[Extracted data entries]
-- Opening Marker --
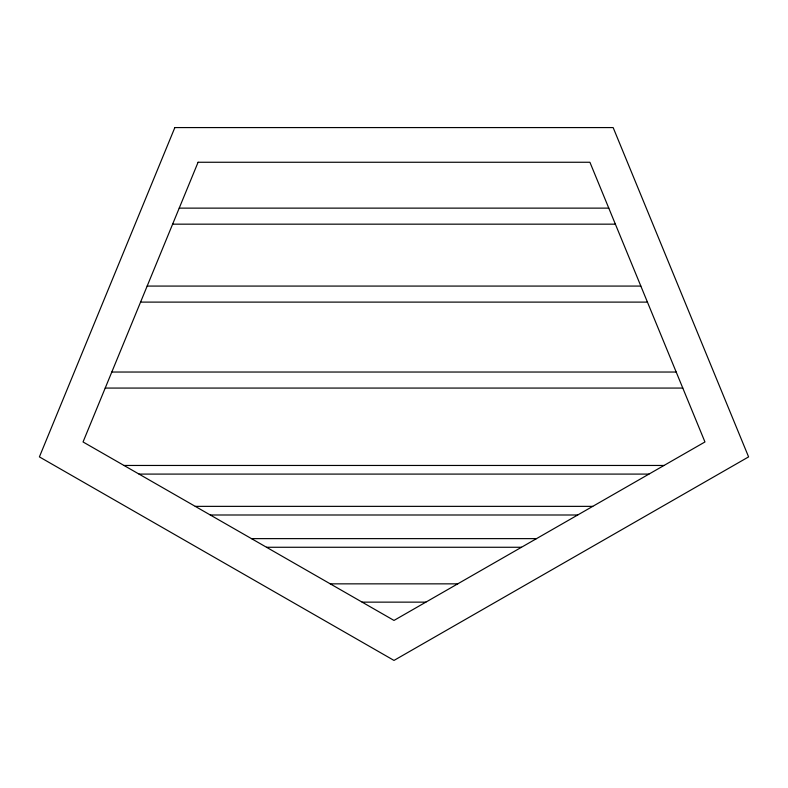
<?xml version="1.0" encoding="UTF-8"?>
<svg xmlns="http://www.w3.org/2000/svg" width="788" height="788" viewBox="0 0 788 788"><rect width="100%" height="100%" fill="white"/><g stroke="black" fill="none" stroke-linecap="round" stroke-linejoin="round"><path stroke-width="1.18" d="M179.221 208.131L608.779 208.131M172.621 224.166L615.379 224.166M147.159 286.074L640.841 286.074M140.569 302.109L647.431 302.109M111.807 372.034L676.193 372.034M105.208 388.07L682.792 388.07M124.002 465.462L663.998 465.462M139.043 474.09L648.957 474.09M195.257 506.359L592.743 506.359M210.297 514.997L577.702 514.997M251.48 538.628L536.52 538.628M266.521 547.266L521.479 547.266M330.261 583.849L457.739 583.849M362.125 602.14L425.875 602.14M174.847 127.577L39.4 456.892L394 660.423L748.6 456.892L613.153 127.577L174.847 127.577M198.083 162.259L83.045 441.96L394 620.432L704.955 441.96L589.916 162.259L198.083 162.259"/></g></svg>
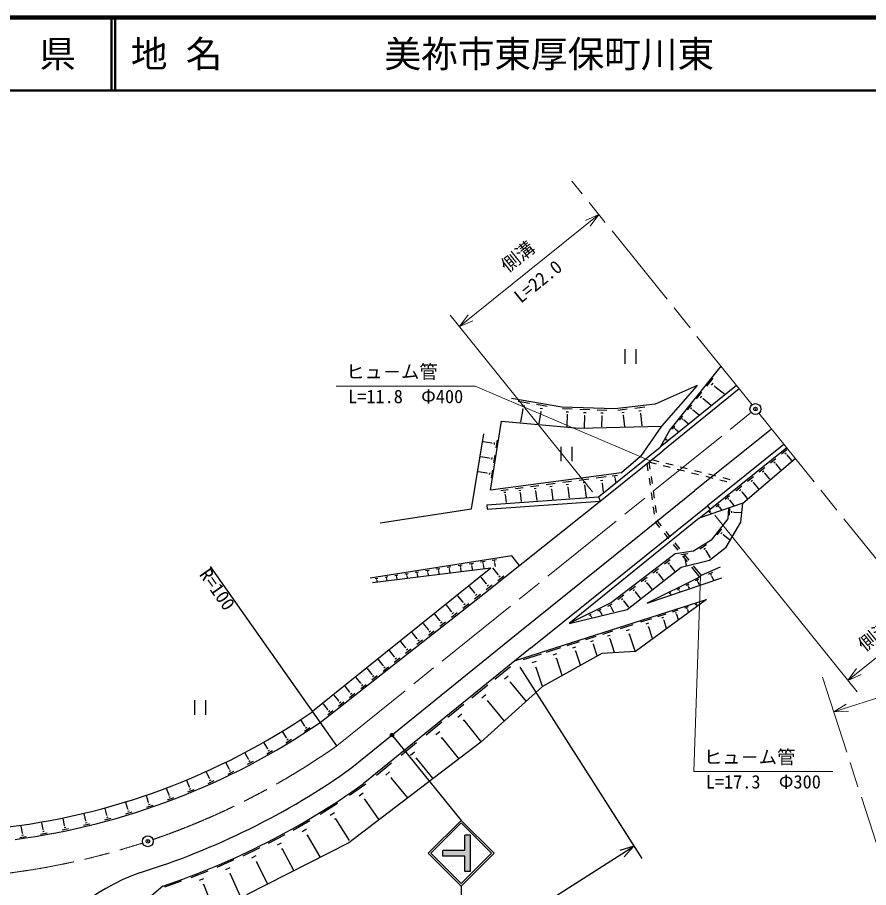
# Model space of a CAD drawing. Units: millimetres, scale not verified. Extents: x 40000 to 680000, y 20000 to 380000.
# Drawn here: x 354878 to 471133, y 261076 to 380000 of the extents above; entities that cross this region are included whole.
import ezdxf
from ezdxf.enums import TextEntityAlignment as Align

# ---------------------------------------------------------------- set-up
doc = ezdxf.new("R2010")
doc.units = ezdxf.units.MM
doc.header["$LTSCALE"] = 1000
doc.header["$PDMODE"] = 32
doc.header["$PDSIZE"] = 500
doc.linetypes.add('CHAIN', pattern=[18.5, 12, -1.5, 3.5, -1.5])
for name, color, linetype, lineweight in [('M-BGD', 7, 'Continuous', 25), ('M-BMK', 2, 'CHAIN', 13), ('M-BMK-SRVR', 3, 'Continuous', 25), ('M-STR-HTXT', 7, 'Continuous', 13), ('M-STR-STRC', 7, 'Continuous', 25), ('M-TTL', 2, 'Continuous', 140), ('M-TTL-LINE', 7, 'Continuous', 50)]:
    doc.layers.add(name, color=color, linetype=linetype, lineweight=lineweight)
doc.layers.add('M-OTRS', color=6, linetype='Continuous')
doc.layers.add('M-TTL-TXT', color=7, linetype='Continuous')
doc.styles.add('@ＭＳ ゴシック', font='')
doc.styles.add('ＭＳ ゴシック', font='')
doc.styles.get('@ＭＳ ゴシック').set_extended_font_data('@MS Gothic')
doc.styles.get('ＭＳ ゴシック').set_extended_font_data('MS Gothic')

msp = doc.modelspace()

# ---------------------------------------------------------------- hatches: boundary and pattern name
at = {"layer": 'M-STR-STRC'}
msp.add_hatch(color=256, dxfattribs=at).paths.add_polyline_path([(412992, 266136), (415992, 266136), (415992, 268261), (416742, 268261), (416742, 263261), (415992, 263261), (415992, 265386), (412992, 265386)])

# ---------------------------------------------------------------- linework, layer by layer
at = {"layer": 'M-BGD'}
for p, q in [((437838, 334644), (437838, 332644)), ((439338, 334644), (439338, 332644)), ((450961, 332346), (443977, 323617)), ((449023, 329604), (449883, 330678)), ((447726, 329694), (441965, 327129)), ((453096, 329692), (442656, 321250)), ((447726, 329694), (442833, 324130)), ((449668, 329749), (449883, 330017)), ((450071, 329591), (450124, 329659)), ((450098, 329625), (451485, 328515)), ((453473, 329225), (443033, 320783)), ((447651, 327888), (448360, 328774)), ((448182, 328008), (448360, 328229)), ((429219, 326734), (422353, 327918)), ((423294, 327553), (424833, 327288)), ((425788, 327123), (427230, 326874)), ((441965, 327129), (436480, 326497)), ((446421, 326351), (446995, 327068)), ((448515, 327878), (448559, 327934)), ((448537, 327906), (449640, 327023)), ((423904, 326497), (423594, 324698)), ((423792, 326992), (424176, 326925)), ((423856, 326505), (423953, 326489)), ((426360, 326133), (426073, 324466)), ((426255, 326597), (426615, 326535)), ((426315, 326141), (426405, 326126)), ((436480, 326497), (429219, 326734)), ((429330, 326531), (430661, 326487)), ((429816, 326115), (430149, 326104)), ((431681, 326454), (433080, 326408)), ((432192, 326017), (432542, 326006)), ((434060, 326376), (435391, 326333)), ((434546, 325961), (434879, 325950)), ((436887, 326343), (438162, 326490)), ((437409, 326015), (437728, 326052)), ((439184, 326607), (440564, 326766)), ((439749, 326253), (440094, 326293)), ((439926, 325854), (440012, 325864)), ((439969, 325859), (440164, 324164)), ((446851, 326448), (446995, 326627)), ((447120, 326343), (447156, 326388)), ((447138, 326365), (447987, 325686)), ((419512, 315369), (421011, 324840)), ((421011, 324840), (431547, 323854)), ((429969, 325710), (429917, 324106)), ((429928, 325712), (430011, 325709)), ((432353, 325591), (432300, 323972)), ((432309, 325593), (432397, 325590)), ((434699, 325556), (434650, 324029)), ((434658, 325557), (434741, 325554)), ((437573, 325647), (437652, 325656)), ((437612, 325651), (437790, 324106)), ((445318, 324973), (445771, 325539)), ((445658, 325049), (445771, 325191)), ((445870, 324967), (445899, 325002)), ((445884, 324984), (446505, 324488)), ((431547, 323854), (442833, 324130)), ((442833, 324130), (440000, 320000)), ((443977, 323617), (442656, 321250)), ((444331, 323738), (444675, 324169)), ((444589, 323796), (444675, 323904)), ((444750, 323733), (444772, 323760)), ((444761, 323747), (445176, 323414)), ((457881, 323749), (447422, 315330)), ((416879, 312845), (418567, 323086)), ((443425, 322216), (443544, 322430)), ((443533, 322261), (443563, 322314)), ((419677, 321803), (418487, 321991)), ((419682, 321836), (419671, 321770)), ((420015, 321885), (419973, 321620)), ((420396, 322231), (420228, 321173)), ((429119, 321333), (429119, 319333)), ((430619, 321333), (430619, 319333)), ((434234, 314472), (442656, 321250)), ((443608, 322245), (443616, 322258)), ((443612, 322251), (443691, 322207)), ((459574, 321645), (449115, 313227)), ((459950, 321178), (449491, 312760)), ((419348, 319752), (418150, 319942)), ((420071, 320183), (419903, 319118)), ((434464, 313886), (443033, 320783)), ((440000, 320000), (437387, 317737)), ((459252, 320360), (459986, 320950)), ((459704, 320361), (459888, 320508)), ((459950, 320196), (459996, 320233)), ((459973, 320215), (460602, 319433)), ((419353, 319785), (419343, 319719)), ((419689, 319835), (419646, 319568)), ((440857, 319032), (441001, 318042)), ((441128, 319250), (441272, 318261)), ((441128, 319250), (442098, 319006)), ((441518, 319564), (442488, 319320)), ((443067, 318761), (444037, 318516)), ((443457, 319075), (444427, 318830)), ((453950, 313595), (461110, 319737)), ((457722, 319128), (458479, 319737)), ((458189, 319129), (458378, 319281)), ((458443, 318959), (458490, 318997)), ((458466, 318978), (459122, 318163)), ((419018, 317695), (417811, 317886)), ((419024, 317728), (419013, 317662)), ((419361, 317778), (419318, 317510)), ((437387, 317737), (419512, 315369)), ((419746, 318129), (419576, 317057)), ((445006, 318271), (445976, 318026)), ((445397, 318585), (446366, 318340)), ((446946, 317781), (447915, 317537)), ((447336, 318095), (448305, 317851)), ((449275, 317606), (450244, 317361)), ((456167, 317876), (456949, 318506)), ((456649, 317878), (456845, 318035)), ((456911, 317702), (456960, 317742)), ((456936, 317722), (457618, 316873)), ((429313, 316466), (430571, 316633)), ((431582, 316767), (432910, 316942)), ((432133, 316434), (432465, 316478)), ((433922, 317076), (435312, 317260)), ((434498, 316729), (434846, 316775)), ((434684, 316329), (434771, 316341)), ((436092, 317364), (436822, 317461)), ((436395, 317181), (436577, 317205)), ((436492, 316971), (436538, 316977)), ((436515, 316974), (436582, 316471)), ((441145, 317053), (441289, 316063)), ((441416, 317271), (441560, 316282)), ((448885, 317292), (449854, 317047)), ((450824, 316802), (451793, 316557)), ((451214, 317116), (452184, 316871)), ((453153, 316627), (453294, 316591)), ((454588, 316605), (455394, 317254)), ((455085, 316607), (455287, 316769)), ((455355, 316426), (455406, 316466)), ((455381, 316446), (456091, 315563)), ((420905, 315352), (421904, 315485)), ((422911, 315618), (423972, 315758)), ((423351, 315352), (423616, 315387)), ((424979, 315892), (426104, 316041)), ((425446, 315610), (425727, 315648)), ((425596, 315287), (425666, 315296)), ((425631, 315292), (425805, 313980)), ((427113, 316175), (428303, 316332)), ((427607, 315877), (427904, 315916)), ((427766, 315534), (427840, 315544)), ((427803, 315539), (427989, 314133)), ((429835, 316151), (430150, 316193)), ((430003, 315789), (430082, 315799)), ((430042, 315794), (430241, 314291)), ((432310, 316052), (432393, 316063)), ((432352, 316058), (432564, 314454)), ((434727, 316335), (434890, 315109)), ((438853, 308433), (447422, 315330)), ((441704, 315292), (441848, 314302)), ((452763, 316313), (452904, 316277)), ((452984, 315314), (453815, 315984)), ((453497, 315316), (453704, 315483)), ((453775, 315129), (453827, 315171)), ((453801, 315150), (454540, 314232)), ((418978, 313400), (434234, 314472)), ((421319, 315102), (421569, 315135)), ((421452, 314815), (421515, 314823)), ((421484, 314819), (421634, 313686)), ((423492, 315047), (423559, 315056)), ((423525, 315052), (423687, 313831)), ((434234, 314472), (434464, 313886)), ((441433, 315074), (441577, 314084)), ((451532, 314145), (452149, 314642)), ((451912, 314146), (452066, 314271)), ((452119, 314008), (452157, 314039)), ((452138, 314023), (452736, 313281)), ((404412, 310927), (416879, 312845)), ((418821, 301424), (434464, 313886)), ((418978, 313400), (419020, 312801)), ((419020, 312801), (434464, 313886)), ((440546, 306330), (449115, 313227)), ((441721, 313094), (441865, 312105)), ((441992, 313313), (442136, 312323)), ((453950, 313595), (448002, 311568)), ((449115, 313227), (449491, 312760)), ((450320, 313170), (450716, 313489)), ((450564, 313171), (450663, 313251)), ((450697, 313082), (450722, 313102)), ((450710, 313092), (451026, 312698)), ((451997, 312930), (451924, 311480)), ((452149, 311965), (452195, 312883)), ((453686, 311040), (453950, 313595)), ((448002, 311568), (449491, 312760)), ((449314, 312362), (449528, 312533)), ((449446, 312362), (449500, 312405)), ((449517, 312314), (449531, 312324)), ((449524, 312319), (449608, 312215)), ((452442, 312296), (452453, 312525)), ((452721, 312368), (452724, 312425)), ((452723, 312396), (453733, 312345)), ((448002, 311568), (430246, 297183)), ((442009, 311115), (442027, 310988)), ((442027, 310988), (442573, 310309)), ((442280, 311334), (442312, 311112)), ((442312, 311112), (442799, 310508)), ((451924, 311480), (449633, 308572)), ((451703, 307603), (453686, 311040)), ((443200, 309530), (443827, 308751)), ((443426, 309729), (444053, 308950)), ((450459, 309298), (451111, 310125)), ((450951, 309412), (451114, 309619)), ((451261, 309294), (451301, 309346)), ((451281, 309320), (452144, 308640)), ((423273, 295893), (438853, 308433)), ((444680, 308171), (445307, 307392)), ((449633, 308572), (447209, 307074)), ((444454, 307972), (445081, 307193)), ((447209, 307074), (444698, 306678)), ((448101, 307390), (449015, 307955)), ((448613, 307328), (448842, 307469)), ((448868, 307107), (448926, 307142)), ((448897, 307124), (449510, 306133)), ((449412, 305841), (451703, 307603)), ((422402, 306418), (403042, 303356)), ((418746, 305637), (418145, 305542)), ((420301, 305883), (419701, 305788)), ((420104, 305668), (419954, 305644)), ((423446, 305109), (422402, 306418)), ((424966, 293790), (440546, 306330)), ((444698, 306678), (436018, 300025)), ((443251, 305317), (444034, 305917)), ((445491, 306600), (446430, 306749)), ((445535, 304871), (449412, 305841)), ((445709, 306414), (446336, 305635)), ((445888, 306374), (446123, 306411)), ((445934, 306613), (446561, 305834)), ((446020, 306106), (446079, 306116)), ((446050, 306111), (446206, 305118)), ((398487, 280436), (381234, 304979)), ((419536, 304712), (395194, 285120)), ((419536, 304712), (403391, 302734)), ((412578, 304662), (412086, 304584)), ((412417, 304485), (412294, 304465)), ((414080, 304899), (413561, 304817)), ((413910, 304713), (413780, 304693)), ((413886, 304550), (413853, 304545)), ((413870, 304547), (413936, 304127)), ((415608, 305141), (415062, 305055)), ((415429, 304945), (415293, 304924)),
-- Closing Marker --
* **Task description**: Write out the lines of the entries above exactly, beginning with the first and ending with the line that contains "doc.styles.add('@ＭＳ ゴシック', font='')". No picture goes in.

* **Completed task**:
<?xml version="1.0" encoding="UTF-8"?>
<svg xmlns="http://www.w3.org/2000/svg" width="788" height="788" viewBox="0 0 788 788"><rect width="100%" height="100%" fill="white"/><g stroke="black" fill="none" stroke-linecap="round" stroke-linejoin="round"><path stroke-width="1.18" d="M179.221 208.131L608.779 208.131M172.621 224.166L615.379 224.166M147.159 286.074L640.841 286.074M140.569 302.109L647.431 302.109M111.807 372.034L676.193 372.034M105.208 388.07L682.792 388.07M124.002 465.462L663.998 465.462M139.043 474.09L648.957 474.09M195.257 506.359L592.743 506.359M210.297 514.997L577.702 514.997M251.48 538.628L536.52 538.628M266.521 547.266L521.479 547.266M330.261 583.849L457.739 583.849M362.125 602.14L425.875 602.14M174.847 127.577L39.4 456.892L394 660.423L748.6 456.892L613.153 127.577L174.847 127.577M198.083 162.259L83.045 441.96L394 620.432L704.955 441.96L589.916 162.259L198.083 162.259"/></g></svg>
# Model space of a CAD drawing. Units: millimetres, scale not verified. Extents: x 40000 to 680000, y 20000 to 380000.
# Drawn here: x 354878 to 471133, y 261076 to 380000 of the extents above; entities that cross this region are included whole.
import ezdxf
from ezdxf.enums import TextEntityAlignment as Align

# ---------------------------------------------------------------- set-up
doc = ezdxf.new("R2010")
doc.units = ezdxf.units.MM
doc.header["$LTSCALE"] = 1000
doc.header["$PDMODE"] = 32
doc.header["$PDSIZE"] = 500
doc.linetypes.add('CHAIN', pattern=[18.5, 12, -1.5, 3.5, -1.5])
for name, color, linetype, lineweight in [('M-BGD', 7, 'Continuous', 25), ('M-BMK', 2, 'CHAIN', 13), ('M-BMK-SRVR', 3, 'Continuous', 25), ('M-STR-HTXT', 7, 'Continuous', 13), ('M-STR-STRC', 7, 'Continuous', 25), ('M-TTL', 2, 'Continuous', 140), ('M-TTL-LINE', 7, 'Continuous', 50)]:
    doc.layers.add(name, color=color, linetype=linetype, lineweight=lineweight)
doc.layers.add('M-OTRS', color=6, linetype='Continuous')
doc.layers.add('M-TTL-TXT', color=7, linetype='Continuous')
doc.styles.add('@ＭＳ ゴシック', font='')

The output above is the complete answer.